Après la prise de vue
Après la prise de vue, c’est le post-traitement qui, seul, pourra permettre d’éliminer ce qui est indésirable sur la photo. Parfois, mais pas toujours ! D’où la nécessité d’avoir pris le maximum de précautions AVANT.
Plusieurs possibilités s’offrent alors, à utiliser selon les circonstances, et … selon les possibilités du logiciel de post-traitement ou de retouche utilisé. Au passage, notons qu’une bonne maîtrise de ce logiciel s’avère indispensable afin de conduire, dans les meilleures conditions, les opérations de correction envisagées.

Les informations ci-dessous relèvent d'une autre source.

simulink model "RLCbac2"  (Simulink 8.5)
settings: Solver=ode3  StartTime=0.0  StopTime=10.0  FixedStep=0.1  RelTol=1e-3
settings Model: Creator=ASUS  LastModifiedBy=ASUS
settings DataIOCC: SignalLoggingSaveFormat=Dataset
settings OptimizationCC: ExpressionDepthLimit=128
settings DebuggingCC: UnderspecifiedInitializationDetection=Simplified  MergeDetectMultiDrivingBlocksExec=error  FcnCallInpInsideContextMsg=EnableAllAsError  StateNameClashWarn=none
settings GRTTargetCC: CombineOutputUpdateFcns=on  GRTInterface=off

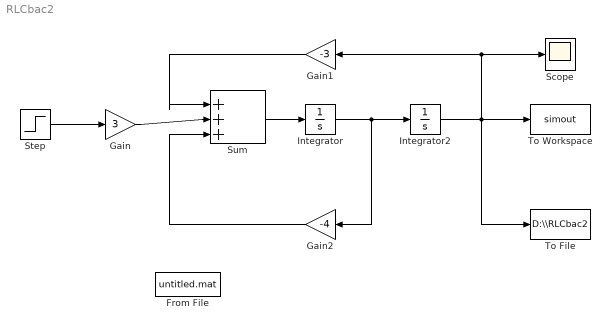
== system RLCbac2 ==
  From File : FromFile  SampleTime=0
  Gain : Gain  Gain=3
  Gain1 : Gain  Gain=-3
  Gain2 : Gain  Gain=-4
  Integrator : Integrator
  Integrator2 : Integrator
  Scope : Scope
  Step : Step  SampleTime=0
  Sum : Sum  Inputs=|+++
  To File : ToFile  Filename=D:\\RLCbac2
  To Workspace : ToWorkspace  VariableName=simout  SampleTime=-1
  wires:
  Sum/1 -> Integrator/1
  Integrator/1 -> Gain2/1, Integrator2/1
  Integrator2/1 -> To File/1, Gain1/1, Scope/1, To Workspace/1
  Gain2/1 -> Sum/3
  Step/1 -> Gain/1
  Gain/1 -> Sum/2
  Gain1/1 -> Sum/1

Dans tous les cas, un examen préalable très attentif de la photo, si possible visualisée à 100%, s’avère indispensable pour « traquer » les éléments indésirables, même très petits ou peu visibles.
Recadrage
Il permettra parfois de couper les parties de l’image contenant les éléments indésirables. Attention cependant à ne pas entamer le sujet lui-même ! Et, pour l’esthétique de la photo, penser à garder une composition correcte. Ce sera plus facile si l’on a anticipé cette opération à la prise de vue.
La photo ci-dessous, à gauche, a initialement été prise en plaçant la mouette au tiers de l’image. Mais cette image est grandement gâchée par la présence à droite d’une antenne peu esthétique. Il aurait été facile de l’éliminer en gardant le format 3:2. Toutefois, il a paru préférable de recadrer en format carré : cette photo s’y prête bien.
Retouche numérique
Utiliser des logiciels comme Photoshop, GIMP, ou même des applications mobiles – et parfois gratuites – pour :
- Cloner des zones « propres » sur les éléments à supprimer
- Utiliser l’outil « tampon de duplication »
- Employer la fonction « remplissage selon le contenu » si le logiciel le permet.
De nos jours, l’intelligence artificielle, bien utilisée, peut apporter une meilleure efficacité tout en gardant son naturel à l’image. Nul doute qu’à l’avenir elle sera encore plus largement utilisée pour le post-traitement.
Conversion en noir et blanc
Parfois, cela peut réduire l’impact visuel d’éléments colorés distrayants. Mais ce n’est qu’un pis aller, car, comme nous l’avons souvent dit, une photo en noir et blanc se construit comme telle DÈS LA PRISE DE VUE (voir ici et là). Donc en tenant compte, dès ce moment, du devenir des éléments colorés, entre autres. Garder à l’esprit que cette conversion en noir et blanc peut complètement changer la photo sans pour autant l’améliorer. C’est donc à utiliser aussi rarement que possible, mais toujours à bon escient !
Avec la photo de l’exemple 2 ci-dessus, on a fortement atténué la visibilité du morceau de parasol, sans pour autant l’éliminer totalement ; et on a aussi tamponné l’inscription pour la faire disparaître :
Ce qui est à retenir : l’idéal reste de bien composer sa photo dès la prise de vue, car cela évite un travail de retouche fastidieux par la suite et pas toujours couronné de succès.